Course Code: PCO- 01
Assignment Code: PCO-01/TMA/2016

1.      What do you mean by business? Explain various types of business activities. (10)

Answer: The term ‘Business’ can be defined as production of goods and services that are involved in flow of goods from the point of consumption or final use with a view to earn profit.
So we can say that any activity carried with profit motive is business.

The various types of business activities are as follows:

1) Sole proprietorship
2) Partnership
3) Company
These are explained in brief as follows:-

SOLE PROPRIETORSHIP:
The sole proprietorship is a form of business that is owned, managed and controlled by an individual.
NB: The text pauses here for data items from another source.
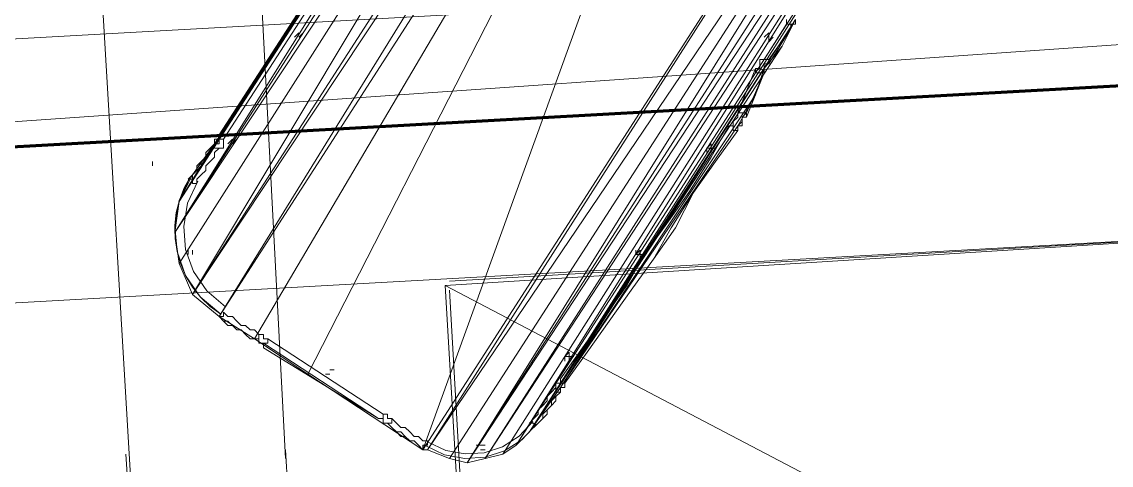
# Paper-space layout '01 Roof Support Layout' of a CAD drawing. Header units: millimetres. Extents: x 5 to 415, y 5 to 292.
# Drawn here: x 251.57 to 266.32, y 56.21 to 62.21 of the extents above; entities that cross this region are included whole.
import ezdxf

# ---------------------------------------------------------------- set-up
doc = ezdxf.new("R2010")
doc.units = ezdxf.units.MM
doc.layers.add('EXISTING', color=7, linetype='Continuous')
doc.layers.add('LOAD_BEARING_WALLS', color=7, linetype='Continuous')

# ---------------------------------------------------------------- blocks, each defined once
blk = doc.blocks.new('SHEET_01')
at = {"layer": 'EXISTING', "color": 254, "linetype": 'Continuous', "lineweight": 13}
for p, q in [((261.08, 70.52), (253.64, 59.36)), ((253.64, 59.36), (261.08, 70.52)), ((261.08, 70.52), (253.7, 58.94)), ((253.88, 58.52), (261.08, 70.52)), ((261.62, 70.52), (253.88, 58.52)), ((253.64, 59.36), (260.78, 70.46)), ((253.88, 58.52), (261.8, 70.46)), ((261.8, 70.46), (254.24, 58.22)), ((254.24, 58.22), (262.04, 70.34)), ((262.04, 70.34), (254.24, 58.22)), ((262.04, 70.34), (254.72, 57.92)), ((255.44, 57.44), (262.04, 70.34)), ((262.04, 70.34), (257, 56.42)), ((260.48, 70.28), (253.64, 59.36)), ((253.7, 59.78), (260.48, 70.28)), ((254.24, 60.62), (259.82, 69.32)), ((254.24, 60.68), (259.82, 69.32)), ((259.88, 69.26), (254.3, 60.62)), ((257, 56.42), (264.8, 68.54)), ((264.8, 68.54), (257.06, 56.42)), ((257.06, 56.42), (265.1, 68.3)), ((265.1, 68.3), (257.36, 56.3)), ((257.6, 56.24), (265.1, 68.3)), ((265.22, 68.12), (257.6, 56.24)), ((257.6, 56.24), (265.28, 67.94)), ((265.28, 67.94), (257.84, 56.3)), ((257.84, 56.3), (265.28, 67.7)), ((265.28, 67.7), (258.08, 56.36)), ((258.26, 56.48), (265.28, 67.7)), ((265.28, 67.4), (258.26, 56.48)), ((258.44, 56.66), (265.28, 67.4)), ((265.28, 67.4), (258.44, 56.66)), ((257, 65), (253.7, 59.78)), ((253.7, 59.78), (256.82, 64.64)), ((254.18, 60.56), (256.82, 64.64)), ((253.04, 56.06), (252.62, 63.14)), ((255.14, 56.3), (254.78, 63.2)), ((265.88, 62.78), (91.88, 53.12)), ((77, 48.68), (272.12, 62.3)), ((258.44, 56.66), (262.04, 62.24)), ((262.04, 62.24), (261.86, 61.88)), ((261.92, 62.18), (261.92, 62.24)), ((262.04, 62.24), (262.04, 62.18)), ((261.62, 61.7), (261.92, 62.18)), ((261.98, 62.12), (261.68, 61.7)), ((261.68, 61.64), (261.98, 62.12)), ((261.98, 62.18), (261.92, 62.18)), ((262.04, 62.18), (261.98, 62.18)), ((261.98, 62.18), (261.98, 62.12)), ((261.98, 62.12), (261.98, 62.18)), ((255.32, 62.06), (255.26, 62)), ((255.32, 62), (255.38, 62.06)), ((255.32, 62.06), (255.32, 62.06)), ((261.62, 62), (261.68, 62.06)), ((261.68, 62.06), (261.68, 61.94)), ((261.68, 61.94), (261.68, 62.06)), ((261.68, 61.94), (261.74, 62)), ((261.68, 62), (261.68, 62)), ((258.44, 56.66), (261.86, 61.88)), ((261.86, 61.88), (261.62, 61.58)), ((261.56, 61.64), (261.56, 61.7)), ((261.56, 61.7), (261.62, 61.7)), ((261.56, 61.58), (261.56, 61.64)), ((261.62, 61.7), (261.68, 61.7)), ((261.68, 61.64), (261.62, 61.64)), ((261.62, 61.64), (261.62, 61.58)), ((261.68, 61.7), (261.68, 61.64)), ((258.44, 56.66), (261.62, 61.58)), ((258.86, 57.26), (261.62, 61.58)), ((261.26, 60.98), (261.5, 61.58)), ((261.62, 61.52), (261.38, 60.98)), ((261.62, 61.52), (261.38, 60.92)), ((261.62, 61.58), (261.5, 61.22)), ((261.5, 61.58), (261.5, 61.52)), ((261.5, 61.58), (261.56, 61.58)), ((261.5, 61.52), (261.56, 61.52)), ((261.56, 61.52), (261.62, 61.52)), ((261.62, 61.58), (261.62, 61.52)), ((267.38, 61.4), (90.56, 51.62)), ((261.5, 61.22), (258.86, 57.26)), ((258.86, 57.26), (261.5, 61.22)), ((261.5, 61.22), (261.26, 60.8)), ((261.2, 60.86), (261.26, 60.92)), ((261.32, 60.98), (261.26, 60.98)), ((261.26, 60.92), (261.26, 60.98)), ((261.32, 60.92), (261.38, 60.98)), ((261.38, 60.98), (261.32, 60.98)), ((261.32, 60.86), (261.32, 60.92)), ((261.38, 60.92), (261.32, 60.92)), ((261.32, 60.92), (261.32, 60.86)), ((261.38, 60.98), (261.38, 60.92)), ((261.26, 60.8), (258.86, 57.26)), ((260.9, 60.38), (261.14, 60.8)), ((261.14, 60.8), (261.2, 60.8)), ((261.2, 60.8), (261.2, 60.86)), ((261.2, 60.8), (261.2, 60.74)), ((261.26, 60.8), (261.32, 60.86)), ((261.26, 60.74), (261.26, 60.8)), ((261.32, 60.8), (261.26, 60.8)), ((261.26, 60.8), (261.26, 60.74)), ((261.32, 60.86), (261.32, 60.8)), ((254.24, 60.62), (254.18, 60.62)), ((254.18, 60.62), (254.18, 60.56)), ((254.24, 60.68), (254.24, 60.62)), ((254.24, 60.62), (254.24, 60.68)), ((254.3, 60.62), (254.24, 60.62)), ((254.24, 60.56), (254.24, 60.62)), ((254.3, 60.62), (254.3, 60.56)), ((254.42, 60.62), (254.36, 60.56)), ((254.42, 60.56), (254.48, 60.62)), ((254.42, 60.62), (254.42, 60.62)), ((261.26, 60.74), (260.96, 60.32)), ((260.96, 60.32), (261.26, 60.74)), ((261.2, 60.74), (261.26, 60.74)), ((254.18, 60.56), (253.7, 59.78)), ((253.88, 60.14), (254.18, 60.56)), ((254.12, 60.5), (254.06, 60.44)), ((254.18, 60.56), (254.12, 60.5)), ((254.12, 60.5), (254.18, 60.56)), ((254.12, 60.44), (254.12, 60.5)), ((254.18, 60.56), (254.18, 60.5)), ((254.18, 60.56), (254.24, 60.56)), ((254.24, 60.5), (254.18, 60.44)), ((254.18, 60.5), (254.24, 60.5)), ((254.3, 60.5), (254.24, 60.5)), ((254.3, 60.56), (254.3, 60.5)), ((260.84, 60.5), (260.9, 60.56)), ((260.9, 60.5), (260.84, 60.5)), ((260.84, 60.5), (260.84, 60.44)), ((260.84, 60.5), (260.84, 60.5)), ((260.9, 60.56), (260.9, 60.5)), ((260.9, 60.44), (260.9, 60.5)), ((260.9, 60.5), (260.96, 60.5)), ((260.9, 60.5), (260.9, 60.5)), ((253.34, 60.32), (253.34, 60.26)), ((254, 60.32), (253.94, 60.26)), ((254.06, 60.38), (254, 60.32)), ((254, 60.32), (254.06, 60.38)), ((254, 60.26), (254, 60.32)), ((254.06, 60.44), (254.06, 60.38)), ((254.06, 60.38), (254.12, 60.44)), ((254.12, 60.32), (254.06, 60.26)), ((254.18, 60.38), (254.12, 60.32)), ((254.18, 60.44), (254.18, 60.38)), ((260.6, 59.9), (260.9, 60.38)), ((260.96, 60.32), (260.66, 59.9)), ((260.66, 59.9), (260.96, 60.32)), ((253.94, 60.2), (253.88, 60.14)), ((253.88, 60.14), (253.94, 60.2)), ((253.94, 60.26), (253.94, 60.2)), ((253.94, 60.2), (254, 60.26)), ((254.06, 60.2), (254, 60.14)), ((254.06, 60.26), (254.06, 60.2)), ((253.7, 59.78), (253.88, 60.14)), ((253.853, 60.118), (253.7, 59.79)), ((253.853, 60.118), (253.767, 59.963)), ((253.954, 60.054), (253.815, 59.754)), ((253.88, 60.14), (253.82, 60.08)), ((253.82, 60.08), (253.88, 60.08)), ((253.88, 60.08), (253.88, 60.14)), ((253.88, 60.02), (253.88, 60.08)), ((253.94, 60.02), (253.88, 60.02)), ((254, 60.14), (253.94, 60.08)), ((253.94, 60.08), (253.94, 60.02)), ((253.767, 59.963), (253.703, 59.798)), ((260.3, 59.48), (260.6, 59.9)), ((260.66, 59.9), (260.36, 59.42)), ((260.42, 59.42), (260.66, 59.9)), ((253.64, 59.36), (253.7, 59.78)), ((253.7, 59.79), (253.641, 59.445)), ((253.703, 59.798), (253.661, 59.628)), ((253.815, 59.754), (253.761, 59.44)), ((253.661, 59.628), (253.641, 59.453)), ((253.641, 59.453), (253.645, 59.277)), ((253.641, 59.445), (253.671, 59.101)), ((253.761, 59.44), (253.788, 59.127)), ((260, 59.06), (260.3, 59.48)), ((269.66, 59.42), (88.52, 49.34)), ((253.7, 58.94), (253.64, 59.36)), ((253.645, 59.277), (253.671, 59.101)), ((269.66, 59.42), (257.3, 58.64)), ((257.3, 58.64), (269.66, 59.42)), ((269.66, 59.42), (257.36, 58.7)), ((260.36, 59.42), (260.12, 59)), ((260.12, 59), (260.42, 59.42)), ((253.671, 59.101), (253.721, 58.93)), ((253.671, 59.101), (253.787, 58.776)), ((253.788, 59.127), (253.894, 58.831)), ((253.82, 59.12), (253.82, 59.06)), ((253.82, 59.06), (253.82, 59.06)), ((253.88, 59.06), (253.88, 59.12)), ((253.88, 59.12), (253.88, 59.06)), ((259.76, 58.64), (260, 59.06)), ((260.12, 59), (259.82, 58.58)), ((259.82, 58.58), (260.12, 59)), ((259.88, 59.06), (259.94, 59.12)), ((259.88, 59.06), (259.88, 59.12)), ((259.94, 59.06), (259.88, 59.06)), ((259.94, 59.12), (259.94, 59.06)), ((259.94, 59), (259.94, 59.06)), ((259.94, 59.06), (260, 59.06)), ((259.94, 59.06), (259.94, 59.06)), ((253.7, 58.94), (253.88, 58.52)), ((253.88, 58.52), (253.7, 58.94)), ((253.721, 58.93), (253.791, 58.769)), ((253.787, 58.776), (253.986, 58.487)), ((253.791, 58.769), (253.882, 58.619)), ((253.894, 58.831), (254.075, 58.568)), ((253.882, 58.619), (253.992, 58.481)), ((254.075, 58.568), (254.326, 58.354)), ((257.3, 58.64), (288.92, 42.08)), ((258.38, 40.34), (257.3, 58.64)), ((257.36, 58.58), (258.38, 40.34)), ((259.46, 58.22), (259.76, 58.64)), ((259.82, 58.58), (259.52, 58.16)), ((259.52, 58.16), (259.82, 58.58)), ((254.24, 58.22), (253.88, 58.52)), ((253.986, 58.487), (254.262, 58.253)), ((253.992, 58.481), (254.119, 58.359)), ((254.119, 58.359), (254.262, 58.253)), ((254.3, 58.22), (254.3, 58.28)), ((254.3, 58.28), (254.36, 58.22)), ((254.72, 57.92), (254.24, 58.22)), ((254.24, 58.22), (254.3, 58.16)), ((254.3, 58.16), (254.24, 58.22)), ((254.24, 58.22), (254.3, 58.22)), ((254.3, 58.16), (254.36, 58.1)), ((254.36, 58.16), (254.3, 58.16)), ((254.36, 58.22), (254.42, 58.22)), ((254.42, 58.1), (254.36, 58.16)), ((254.36, 58.1), (254.42, 58.1)), ((254.42, 58.22), (254.48, 58.16)), ((254.42, 58.1), (254.48, 58.04)), ((254.48, 58.04), (254.42, 58.1)), ((254.48, 58.16), (254.54, 58.1)), ((254.54, 58.1), (254.6, 58.1)), ((254.6, 58.1), (254.66, 58.04)), ((259.16, 57.8), (259.46, 58.22)), ((259.52, 58.16), (259.22, 57.74)), ((259.22, 57.74), (259.52, 58.16)), ((254.48, 58.04), (254.54, 58.04)), ((254.54, 58.04), (254.48, 58.04)), ((254.54, 58.04), (254.6, 57.98)), ((254.6, 57.98), (254.54, 58.04)), ((254.6, 57.98), (254.66, 57.92)), ((254.66, 57.92), (254.6, 57.98)), ((254.66, 58.04), (254.72, 58.04)), ((254.72, 58.04), (254.78, 57.98)), ((254.78, 57.92), (254.78, 57.98)), ((254.78, 57.98), (254.84, 57.98)), ((254.84, 57.98), (254.84, 57.92)), ((254.66, 57.92), (254.72, 57.92)), ((254.72, 57.92), (254.66, 57.92)), ((254.72, 57.92), (255.44, 57.44)), ((255.44, 57.44), (254.72, 57.92)), ((254.72, 57.92), (254.78, 57.92)), ((254.78, 57.92), (254.72, 57.92)), ((254.78, 57.86), (254.78, 57.92)), ((254.84, 57.86), (254.78, 57.86)), ((254.84, 57.92), (254.9, 57.92)), ((254.9, 57.86), (254.84, 57.86)), ((256.4, 56.84), (254.84, 57.86)), ((254.84, 57.86), (254.84, 57.8)), ((254.84, 57.8), (254.84, 57.86)), ((254.9, 57.92), (254.9, 57.86)), ((254.9, 57.92), (256.46, 56.9)), ((256.4, 56.84), (254.84, 57.8)), ((258.86, 57.38), (259.16, 57.8)), ((258.92, 57.68), (258.98, 57.74)), ((259.22, 57.74), (258.92, 57.32)), ((258.92, 57.32), (259.22, 57.74)), ((258.92, 57.68), (258.92, 57.68)), ((258.98, 57.68), (258.92, 57.68)), ((258.92, 57.68), (258.92, 57.62)), ((258.98, 57.74), (258.98, 57.74)), ((258.98, 57.74), (258.98, 57.68)), ((258.98, 57.62), (258.98, 57.68)), ((258.98, 57.68), (259.04, 57.68)), ((258.98, 57.68), (258.98, 57.68)), ((257, 56.42), (255.44, 57.44)), ((255.68, 57.44), (255.74, 57.44)), ((255.8, 57.5), (255.74, 57.5)), ((255.74, 57.44), (255.74, 57.44)), ((258.86, 57.32), (258.86, 57.38)), ((258.86, 57.38), (258.86, 57.32)), ((258.86, 57.26), (258.44, 56.66)), ((258.8, 57.26), (258.74, 57.2)), ((258.86, 57.32), (258.8, 57.32)), ((258.8, 57.32), (258.8, 57.26)), ((258.8, 57.26), (258.8, 57.2)), ((258.92, 57.32), (258.86, 57.32)), ((258.86, 57.2), (258.86, 57.26)), ((258.86, 57.26), (258.92, 57.26)), ((258.92, 57.26), (258.92, 57.32)), ((258.68, 57.08), (258.62, 57.02)), ((258.74, 57.2), (258.68, 57.14)), ((258.68, 57.14), (258.68, 57.08)), ((258.8, 57.14), (258.74, 57.08)), ((258.74, 57.02), (258.8, 57.08)), ((258.74, 57.08), (258.74, 57.02)), ((258.8, 57.14), (258.86, 57.2)), ((258.8, 57.2), (258.86, 57.2)), ((258.86, 57.2), (258.8, 57.14)), ((258.8, 57.08), (258.8, 57.14)), ((258.62, 57.02), (258.56, 56.96)), ((258.56, 56.96), (258.56, 56.9)), ((258.68, 56.96), (258.62, 56.9)), ((258.68, 56.96), (258.74, 57.02)), ((258.74, 57.02), (258.68, 56.96)), ((258.68, 56.9), (258.68, 56.96)), ((256.46, 56.84), (256.4, 56.84)), ((256.4, 56.84), (256.46, 56.84)), ((256.46, 56.9), (256.46, 56.84)), ((256.46, 56.9), (256.52, 56.9)), ((256.46, 56.78), (256.46, 56.84)), ((256.46, 56.84), (256.46, 56.78)), ((256.52, 56.78), (256.46, 56.78)), ((256.46, 56.78), (256.52, 56.78)), ((256.52, 56.9), (256.52, 56.84)), ((256.52, 56.84), (256.58, 56.84)), ((256.52, 56.78), (256.58, 56.78)), ((256.58, 56.72), (256.52, 56.78)), ((256.58, 56.78), (256.58, 56.84)), ((256.58, 56.84), (256.64, 56.78)), ((256.64, 56.78), (256.7, 56.72)), ((258.3, 56.602), (258.486, 56.802)), ((258.5, 56.84), (258.44, 56.78)), ((258.44, 56.78), (258.5, 56.78)), ((258.56, 56.9), (258.5, 56.84)), ((258.5, 56.78), (258.5, 56.72)), ((258.5, 56.72), (258.56, 56.78)), ((258.56, 56.78), (258.5, 56.72)), ((258.56, 56.78), (258.62, 56.84)), ((258.62, 56.84), (258.56, 56.78)), ((258.62, 56.84), (258.68, 56.9)), ((258.62, 56.9), (258.62, 56.84)), ((256.64, 56.66), (256.58, 56.72)), ((256.7, 56.66), (256.64, 56.66)), ((256.7, 56.6), (256.64, 56.66)), ((256.7, 56.72), (256.76, 56.72)), ((256.76, 56.6), (256.7, 56.66)), ((256.76, 56.72), (256.82, 56.66)), ((256.82, 56.66), (256.88, 56.6)), ((258.26, 56.48), (258.44, 56.66)), ((258.44, 56.66), (258.26, 56.48)), ((258.339, 56.555), (258.535, 56.767)), ((256.76, 56.6), (256.7, 56.6)), ((256.82, 56.54), (256.76, 56.6)), ((256.88, 56.54), (256.82, 56.54)), ((256.88, 56.6), (256.94, 56.6)), ((256.94, 56.48), (256.88, 56.54)), ((256.94, 56.6), (257, 56.54)), ((257, 56.42), (256.94, 56.48)), ((257, 56.54), (257.06, 56.54)), ((257.06, 56.48), (257, 56.48)), ((257, 56.48), (257, 56.42)), ((257.031, 56.475), (257.292, 56.352)), ((257.06, 56.54), (257.06, 56.48)), ((257.063, 56.526), (257.31, 56.41)), ((257.84, 56.48), (257.72, 56.48)), ((257.72, 56.48), (257.78, 56.48)), ((257.78, 56.48), (257.84, 56.48)), ((257.78, 56.48), (257.78, 56.48)), ((258.078, 56.46), (258.3, 56.602)), ((258.08, 56.36), (258.26, 56.48)), ((258.26, 56.48), (258.08, 56.36)), ((258.103, 56.406), (258.339, 56.555)), ((253.4, 49.22), (252.98, 56.36)), ((255.56, 49.52), (255.14, 56.42)), ((257.06, 56.42), (257, 56.42)), ((257.36, 56.3), (257.06, 56.42)), ((257.292, 56.352), (257.566, 56.302)), ((257.31, 56.41), (257.57, 56.362)), ((257.57, 56.362), (257.83, 56.379)), ((257.78, 56.42), (257.84, 56.42)), ((257.83, 56.379), (258.078, 56.46)), ((258.08, 56.36), (257.84, 56.3)), ((257.841, 56.32), (258.103, 56.406)), ((257.36, 56.3), (257.6, 56.24)), ((257.6, 56.24), (257.36, 56.3)), ((257.566, 56.302), (257.841, 56.32)), ((257.84, 56.3), (257.6, 56.24))]:
    blk.add_line(p, q, dxfattribs=at)
at = {"layer": 'LOAD_BEARING_WALLS', "color": 7, "linetype": 'Continuous', "lineweight": 70}
blk.add_line((267.44, 61.4), (90.56, 51.62), dxfattribs=at)

psp = doc.layouts.new('01 Roof Support Layout')

# ---------------------------------------------------------------- block references
psp.add_blockref('SHEET_01', (0, 0))

doc.saveas('drawing.dxf')

He has to arrange capital for the business and he alone is responsible for its management. He is therefore, entitled to the profits and has to bear the loss of business. This type of business organization is also called single ownership or single proprietorship. If the business primarily consists of trade, the organization is a sole trading organization. Small factories and shops are often found to be sole proprietorship organizations.

Features of Sole Proprietorship:
The important features of a sole-proprietary organization include the following:

(I) Individual Initiative: One person is the owner in sole proprietary forms of organization.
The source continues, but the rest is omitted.